» Task to complete
Which lines of the data contain the string "Resistor"? Copy every one.

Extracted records
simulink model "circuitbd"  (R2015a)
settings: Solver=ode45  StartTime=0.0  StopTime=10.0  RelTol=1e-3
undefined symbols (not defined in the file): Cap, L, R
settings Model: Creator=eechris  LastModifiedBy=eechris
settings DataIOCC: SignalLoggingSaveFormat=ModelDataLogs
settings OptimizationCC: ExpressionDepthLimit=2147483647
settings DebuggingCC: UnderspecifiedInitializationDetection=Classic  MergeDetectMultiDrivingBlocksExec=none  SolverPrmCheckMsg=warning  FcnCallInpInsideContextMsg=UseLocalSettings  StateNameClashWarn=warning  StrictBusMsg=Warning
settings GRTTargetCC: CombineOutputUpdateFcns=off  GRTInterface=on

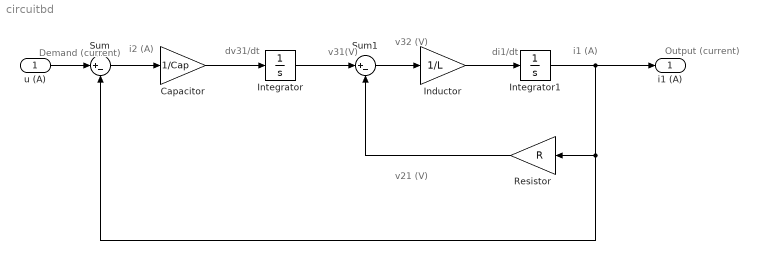
== system circuitbd ==
  note: i2 (A)
  note: dv31/dt
  note: v31(V)
  note: v32 (V)
  note: di1/dt
  note: i1 (A)
  note: v21 (V)
  note: Demand (current)
  note: Output (current)
  u (A) : Inport
  Capacitor : Gain  Gain=1/Cap
  Inductor : Gain  Gain=1/L
  Integrator : Integrator
  Integrator1 : Integrator
  Resistor : Gain  Gain=R
  Sum : Sum  Inputs=|+-
  Sum1 : Sum  Inputs=|+-
  i1 (A) : Outport
  wires:
  u (A)/1 -> Sum/1
  Sum/1 -> Capacitor/1
  Capacitor/1 -> Integrator/1
  Integrator/1 -> Sum1/1
  Sum1/1 -> Inductor/1
  Inductor/1 -> Integrator1/1
  Resistor/1 -> Sum1/2
  Integrator1/1 -> Resistor/1, Sum/2, i1 (A)/1
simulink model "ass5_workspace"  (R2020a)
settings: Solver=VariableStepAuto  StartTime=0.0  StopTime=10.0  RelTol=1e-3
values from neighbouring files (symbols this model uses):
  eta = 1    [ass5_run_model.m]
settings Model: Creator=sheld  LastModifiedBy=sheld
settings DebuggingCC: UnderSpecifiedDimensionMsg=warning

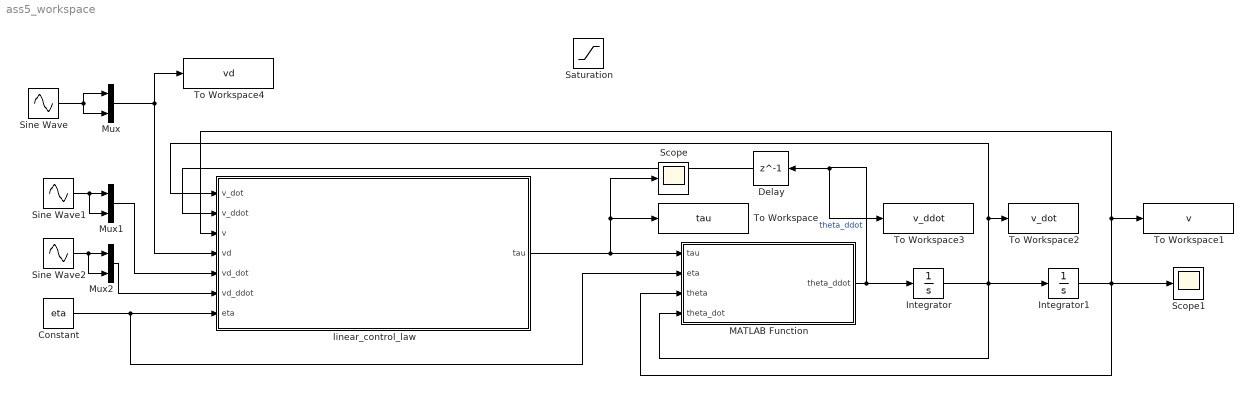
== system ass5_workspace ==
  Constant : Constant  Value=eta
  Delay : Delay  DelayLength=1  InitialCondition=0
  Integrator : Integrator  InitialCondition=[0; 0]
  Integrator1 : Integrator  InitialCondition=[0; 0]
  MATLAB Function : MATLAB Function  TreatAsAtomicUnit=on
  Mux : Mux  Inputs=2
  Mux1 : Mux  Inputs=2
  Mux2 : Mux  Inputs=2
  Saturation : Saturate  UpperLimit=[400; 80]  LowerLimit=[-400; -80]
  Scope : Scope
  Scope1 : Scope
  Sine Wave : Sin  SampleTime=0
  Sine Wave1 : Sin  Phase=pi/2  SampleTime=0
  Sine Wave2 : Sin  Phase=pi  SampleTime=0
  To Workspace : ToWorkspace  VariableName=tau  SampleTime=-1
  To Workspace1 : ToWorkspace  VariableName=v  SampleTime=-1
  To Workspace2 : ToWorkspace  VariableName=v_dot  SampleTime=-1
  To Workspace3 : ToWorkspace  VariableName=v_ddot  SampleTime=-1
  To Workspace4 : ToWorkspace  VariableName=vd  SampleTime=-1
  linear_control_law : MATLAB Function  TreatAsAtomicUnit=on
  wires:
  MATLAB Function/1(theta_ddot) -> To Workspace3/1, Delay/1, Integrator/1  "theta_ddot"
  Integrator/1 -> Integrator1/1, MATLAB Function/4(theta_dot), linear_control_law/1(v_dot), To Workspace2/1
  Constant/1 -> MATLAB Function/2(eta), linear_control_law/7(eta)
  Mux/1 -> To Workspace4/1, linear_control_law/4(vd)
  Sine Wave/1 -> Mux/2, Mux/1
  Sine Wave1/1 -> Mux1/2, Mux1/1
  Mux1/1 -> linear_control_law/5(vd_dot)
  Sine Wave2/1 -> Mux2/2, Mux2/1
  Mux2/1 -> linear_control_law/6(vd_ddot)
  Integrator1/1 -> Scope1/1, To Workspace1/1, linear_control_law/3(v), MATLAB Function/3(theta)
  Delay/1 -> linear_control_law/2(v_ddot)
  linear_control_law/1(tau) -> Scope/1, To Workspace/1, MATLAB Function/1(tau)

== matlab function ass5_workspace/MATLAB Function ==
  data: tau input; eta input; theta input; theta_ddot output; theta_dot input
function theta_ddot = two_link_dyn(tau, eta, theta, theta_dot)

% Static variables

l1 = 0.5;       % L 1
l2 = 0.5;       % L 2
bm1 = 0.1;
bm2 = 0.1;
b1 = 10;          % high
b2 = b1;          % high
a1 = 1;
a2 = 1;
Im1 = 0.2;
Im2 = 0.2;
g = 9.8;
ml1 = 50;         % high  
ml2 = 40;           % high
Iyy1 = b1;        % high
Iyy2 = b1;        % high

I1 = Iyy1 + Iyy2 + ml1*l1*l1 + ml2*(a1^2+l2^2+2*a1*l2*cos(theta(2)));
I2 = Iyy2 + ml2*l2^2;

% Creating the inertia matrix
M11 = I1+eta^2*Im1;
M12 = Iyy2+ml2*(a1*l2*cos(theta(2))+l2^2);
M22 = I2+eta^2*Im2;

%M = [I1+eta^2*Im1 Iyy2+ml2*(a1*l2*c2+l2^2);
%    Iyy2+ml2*(a1*l2*c2+l2^2) I2+eta^2*Im2];

M = 1/eta*[M11 M12;
    M12 M22];

% Creating the inverse of the inertia matrix
det_M = det(M);
M_inv = zeros(2);
M_inv(1,1) = M(2,2);
M_inv(1,2) = -M(2,1);
M_inv(2,1) = M_inv(1,2);
M_inv(2,2) = M(1,1);
M_inv = (1/det_M)*M_inv;

% Creating the gravity vector
G = [(ml1*l1+ml2*l2)*cos(theta(1))*g+(ml2*l2)*cos(theta(1)+theta(2))*g; 
    (ml2*l2)*cos(theta(1)+theta(2))*g];

% Creating the F vector
F = [(b1+eta^2*bm1)*theta_dot(1); 
    (b2+eta^2*bm2)*theta_dot(2)];

% Creating the Coriolis force vector
%V = p(3)*sin(theta(2))*[-theta_dot(2)^2 - 2*theta_dot(1)*theta_dot(2);
%                         theta_dot(1)^2];
V = [-2*ml2*a1*l2*sin(theta(1))*theta_dot(1)*theta_dot(2)-ml2*a1*l2*sin(theta(2))*theta_dot(2)^2;
    ml2*a1*l2*sin(theta(2))*theta_dot(1)^2];
                     
% Calculating the acceleration
theta_ddot = M_inv*(tau + (1/eta)*(- V - F - G));

== matlab function ass5_workspace/linear_control_law ==
  data: v_dot input; v_ddot input; v input; tau output; vd input; vd_dot input; vd_ddot input; eta input
function tau = linear_control(v_dot, v_ddot, v, vd, vd_dot, vd_ddot, eta)

%% Define given constant variables

Iyy1 = 10;
Iyy2 = 10;
Im1 = 0.2;
Im2 = 0.2;
b1 = 10;
b2 = 10;
bm1 = 0.1;
bm2 = 0.1;
ml1 = 50;
ml2 = 40;
l1 = 0.5;
l2 = 0.5;
a1 = 1;
a2 = 1;
g = 9.8;

%% Compute controller parameters

% I1_max = Iyy1 + Iyy2 + ml1*l1^2+ml2*(a1^2+l2^2+2*a1*l2*1);
% I2 = Iyy2 + ml2*l2^2;
% 
% I1_eff_opt = eta*Im1 + (1/eta)*I1_max;
% I2_eff = eta*Im2 + (1/eta)*I2; 
% 
% b1_eff = eta*bm1 + (1/eta)*b1;
% b2_eff = eta*bm2 + (1/eta)*b2;

Kv = 6;
Kp = 9;

%% Compile linear controller

% tau_m_1 = I1_eff_opt*(vd_ddot(1) + Kv*(vd_dot(1)-v_dot(1)) + Kp*(vd(1)-v(1))) + b1_eff*v_dot(1);
% tau_m_2 = I2_eff*(vd_ddot(2) + Kv*(vd_dot(2)-v_dot(2)) + Kp*(vd(2)-v(2))) + b2_eff*v_dot(2);
% tau = [tau_m_1; tau_m_2];

%% Compute nonlinear control

% Gains in matrix form
K_v = [Kv 0; 0 Kv];
K_p = [Kp 0; 0 Kp];

I1 = Iyy1 + Iyy2 + ml1*l1*l1 + ml2*(a1^2+l2^2+2*a1*l2*cos(v(2)));
I2 = Iyy2 + ml2*l2^2;

% M11 = I1+eta^2*Im1;
% M12 = Iyy2+ml2*(a1*l2*cos(v(2))+l2^2);
% M22 = I2+eta^2*Im2;
% M = 1/eta*[M11 M12;
%     M12 M22];
% 
% V = [-2*ml2*a1*l2*sin(v(1))*v_dot(1)*v_dot(2)-ml2*a1*l2*sin(v(2))*v_dot(2)^2;
%     ml2*a1*l2*sin(v(2))*v_dot(1)^2];
% 
% G = [(ml1*l1+ml2*l2)*cos(v(1))*g+(ml2*l2)*cos(v(1)+v(2))*g; 
%     (ml2*l2)*cos(v(1)+v(2))*g];
% 
% F = [(b1+eta^2*bm1)*v_dot(1); 
%     (b2+eta^2*bm2)*v_dot(2)];

M = [82.7+40*cos(v(2)) 20+20*cos(v(2));
    20+20*cos(v(2)) 20.2];

V = [-40*sin(v(2))*v_dot(1)*v_dot(2)-20*sin(v(2))*v_dot(2)^2;
    20*sin(v(2))*v_dot(1)^2];

G = [441*cos(v(1))+196*cos(v(1)+v(2)); 196*cos(v(1)+v(2))];

F = [10.1*v_dot(1); 20*sin(v(2))*v_dot(2)];

% Controller override to try to force high gear to work

% M = [10.0625+cos(v(2)) 0.5+0.5*cos(v(2));
%     0.5+0.5*cos(v(2)) 8.5];
% 
% V = [-sin(v(2))*v_dot(1)*v_dot(2)-0.5*sin(v(2))*v_dot(2)^2;
%     0.5*sin(v(2))*v_dot(1)^2];
% 
% G = [11.025*cos(v(1))+4.9*cos(v(1)+v(2)); 4.9*cos(v(1)+v(2))];
% 
% F = [4.25*v_dot(1); 0.5*sin(v(2))*v_dot(2)];

tau = M*(vd_ddot + K_v*(vd_dot - v_dot) + K_p*(vd - v))+V+G+F;

» Task answer
  Resistor : Gain  Gain=R
  Resistor/1 -> Sum1/2
  Integrator1/1 -> Resistor/1, Sum/2, i1 (A)/1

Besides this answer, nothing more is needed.